### Excerpts from a dataset

[Start of Attachment]

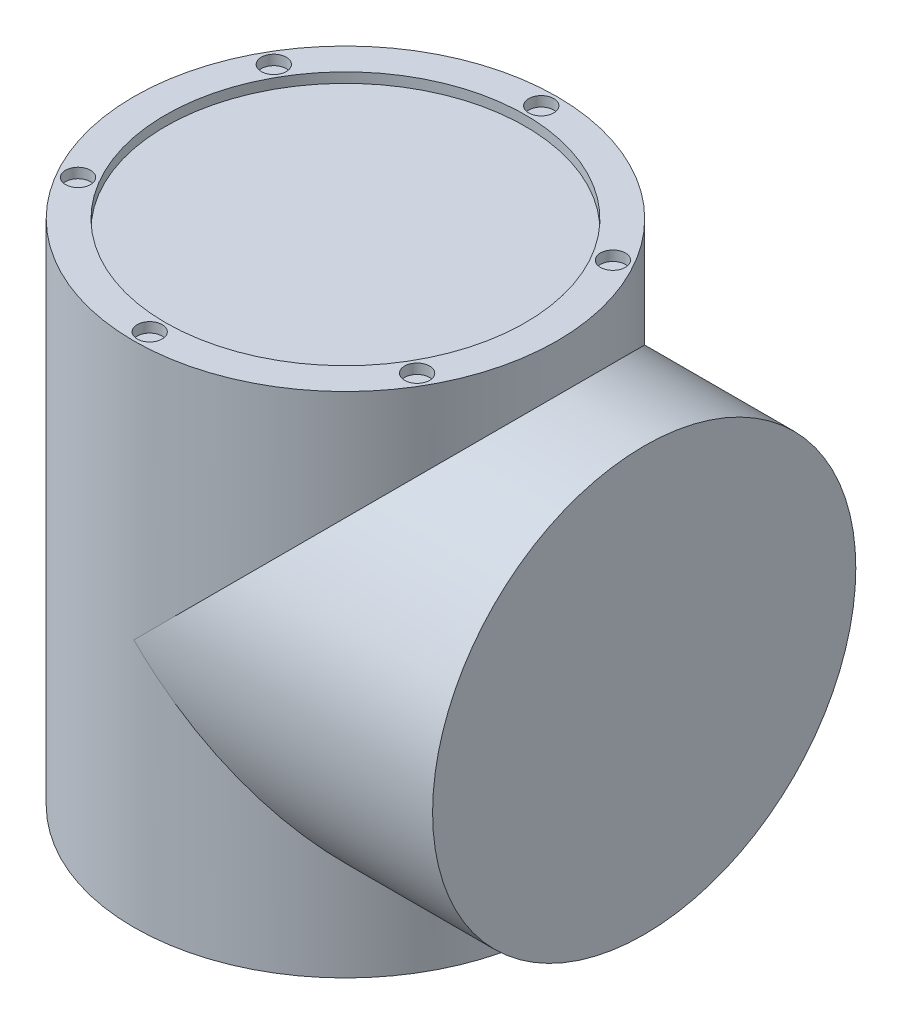
SolidWorks part; units mm, degrees
ref_plane "Alzado" through (0, 0, 0) normal (0, 0, 1) x (1, 0, 0)
ref_plane "Planta" through (0, 0, 0) normal (0, 1, 0) x (1, 0, 0)
ref_plane "Vista lateral" through (0, 0, 0) normal (1, 0, 0) x (0, 0, -1)
sketch "Croquis1" plane through (0, 0, 0) normal (0, 1, 0) x (1, 0, 0)
  circle A0 centre (0, 0) radius 42.5
  dimension "D1" = 85
extrude "Saliente-Extruir1" add sketch "Croquis1" along normal blind 100
sketch "Croquis2" plane through (0, 0, 0) normal (1, 0, 0) x (0, 0, -1)
  line L0 (42.5, 100) -> (-42.5, 100) construction
  line L2 (42.5, 0) -> (42.5, 100) construction
  circle A0 centre (0, 50) radius 42.5
  point P2 (0, 0)
  point P5 (0, 0)
  point P7 (-48.8949, 38.6672)
  dimension "D1" = 85
  dimension "D2" = 50
  dimension "D3" = 42.5
extrude "Saliente-Extruir2" add sketch "Croquis2" along normal blind 60
sketch "Croquis3" plane through (0, 100, 0) normal (0, 1, 0) x (1, 0, 0)
  circle A0 centre (0, 0) radius 42.5
  circle A1 centre (0, 0) radius 36.1436
  circle A2 centre (0, 39.3191) radius 2.5082
  circle A3 centre (34.0513, 19.6595) radius 2.5082
  circle A4 centre (34.0513, -19.6595) radius 2.5082
  circle A5 centre (0, -39.3191) radius 2.5082
  circle A6 centre (-34.0513, -19.6595) radius 2.5082
  circle A7 centre (-34.0513, 19.6595) radius 2.5082
  point P18 (0, 0)
  dimension "D1" = 6
extrude "Saliente-Extruir3" add sketch "Croquis3" along normal blind 2
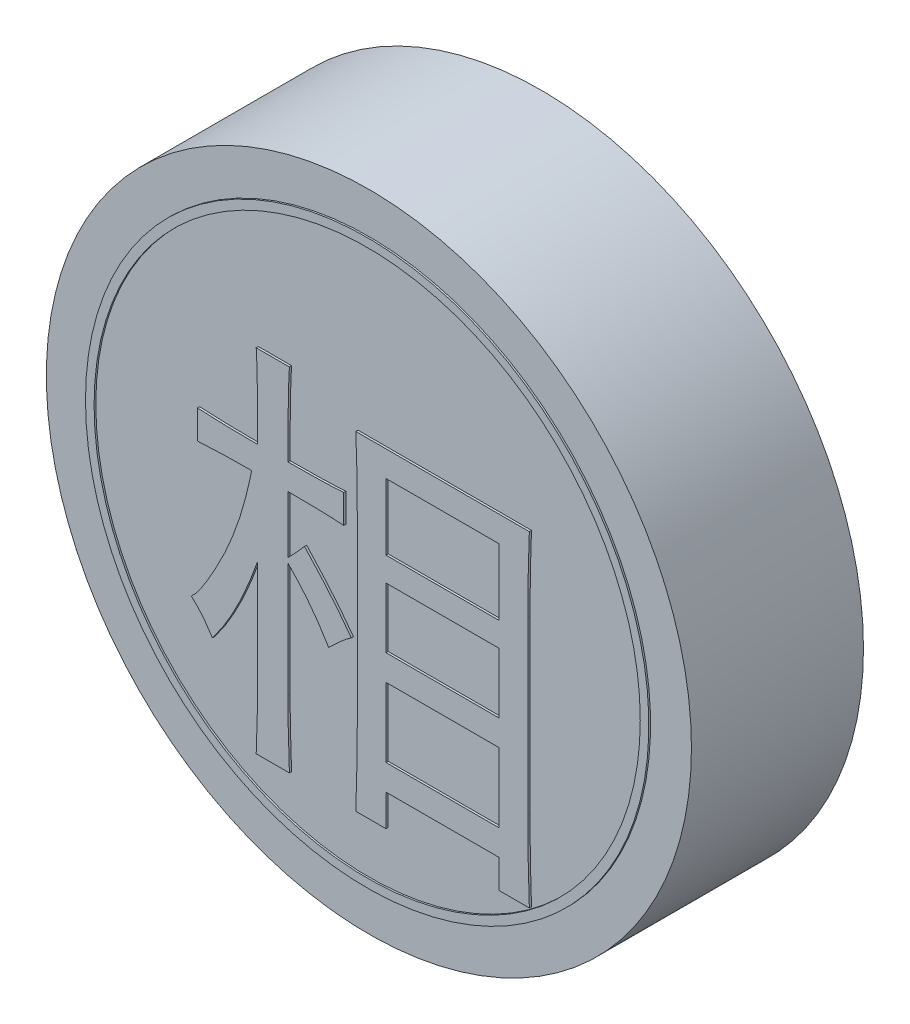
SolidWorks part; units mm, degrees
ref_plane "前视基准面" through (0, 0, 0) normal (0, 0, 1) x (1, 0, 0)
ref_plane "上视基准面" through (0, 0, 0) normal (0, 1, 0) x (1, 0, 0)
ref_plane "右视基准面" through (0, 0, 0) normal (1, 0, 0) x (0, 0, -1)
other "Configuration Table"
sketch "草图1" plane through (0, 0, 0) normal (0, 0, 1) x (1, 0, 0)
  circle A0 centre (0, 0) radius 15
  dimension "D1" = 30
extrude "Diameter30_Height8" add sketch "草图1" against normal blind 8
sketch "草图2" plane through (0, 0, 0) normal (0, 0, 1) x (1, 0, 0)
  text T0 "相" font "SimHei" height 12
extrude "Character_相" add sketch "草图2" along normal blind 0.1
sketch "草图3" plane through (0, 0, 0) normal (0, 0, 1) x (1, 0, 0)
  circle A0 centre (0, 0) radius 13.1
  circle A1 centre (0, 0) radius 12.7
extrude "Ink_ring" add sketch "草图3" along normal blind 0.08

[End of Attachment]

For your answer, write out the data exactly and drop every picture.

### Result of this exercise
SolidWorks part; units mm, degrees
ref_plane "Alzado" through (0, 0, 0) normal (0, 0, 1) x (1, 0, 0)
ref_plane "Planta" through (0, 0, 0) normal (0, 1, 0) x (1, 0, 0)
ref_plane "Vista lateral" through (0, 0, 0) normal (1, 0, 0) x (0, 0, -1)
sketch "Croquis1" plane through (0, 0, 0) normal (0, 1, 0) x (1, 0, 0)
  circle A0 centre (0, 0) radius 42.5
  dimension "D1" = 85
extrude "Saliente-Extruir1" add sketch "Croquis1" along normal blind 100
sketch "Croquis2" plane through (0, 0, 0) normal (1, 0, 0) x (0, 0, -1)
  line L0 (42.5, 100) -> (-42.5, 100) construction
  line L2 (42.5, 0) -> (42.5, 100) construction
  circle A0 centre (0, 50) radius 42.5
  point P2 (0, 0)
  point P5 (0, 0)
  point P7 (-48.8949, 38.6672)
  dimension "D1" = 85
  dimension "D2" = 50
  dimension "D3" = 42.5
extrude "Saliente-Extruir2" add sketch "Croquis2" along normal blind 60
sketch "Croquis3" plane through (0, 100, 0) normal (0, 1, 0) x (1, 0, 0)
  circle A0 centre (0, 0) radius 42.5
  circle A1 centre (0, 0) radius 36.1436
  circle A2 centre (0, 39.3191) radius 2.5082
  circle A3 centre (34.0513, 19.6595) radius 2.5082
  circle A4 centre (34.0513, -19.6595) radius 2.5082
  circle A5 centre (0, -39.3191) radius 2.5082
  circle A6 centre (-34.0513, -19.6595) radius 2.5082
  circle A7 centre (-34.0513, 19.6595) radius 2.5082
  point P18 (0, 0)
  dimension "D1" = 6
extrude "Saliente-Extruir3" add sketch "Croquis3" along normal blind 2
SolidWorks part; units mm, degrees
ref_plane "前视基准面" through (0, 0, 0) normal (0, 0, 1) x (1, 0, 0)
ref_plane "上视基准面" through (0, 0, 0) normal (0, 1, 0) x (1, 0, 0)
ref_plane "右视基准面" through (0, 0, 0) normal (1, 0, 0) x (0, 0, -1)
other "Configuration Table"
sketch "草图1" plane through (0, 0, 0) normal (0, 0, 1) x (1, 0, 0)
  circle A0 centre (0, 0) radius 15
  dimension "D1" = 30
extrude "Diameter30_Height8" add sketch "草图1" against normal blind 8
sketch "草图2" plane through (0, 0, 0) normal (0, 0, 1) x (1, 0, 0)
  text T0 "相" font "SimHei" height 12
extrude "Character_相" add sketch "草图2" along normal blind 0.1
sketch "草图3" plane through (0, 0, 0) normal (0, 0, 1) x (1, 0, 0)
  circle A0 centre (0, 0) radius 13.1
  circle A1 centre (0, 0) radius 12.7
extrude "Ink_ring" add sketch "草图3" along normal blind 0.08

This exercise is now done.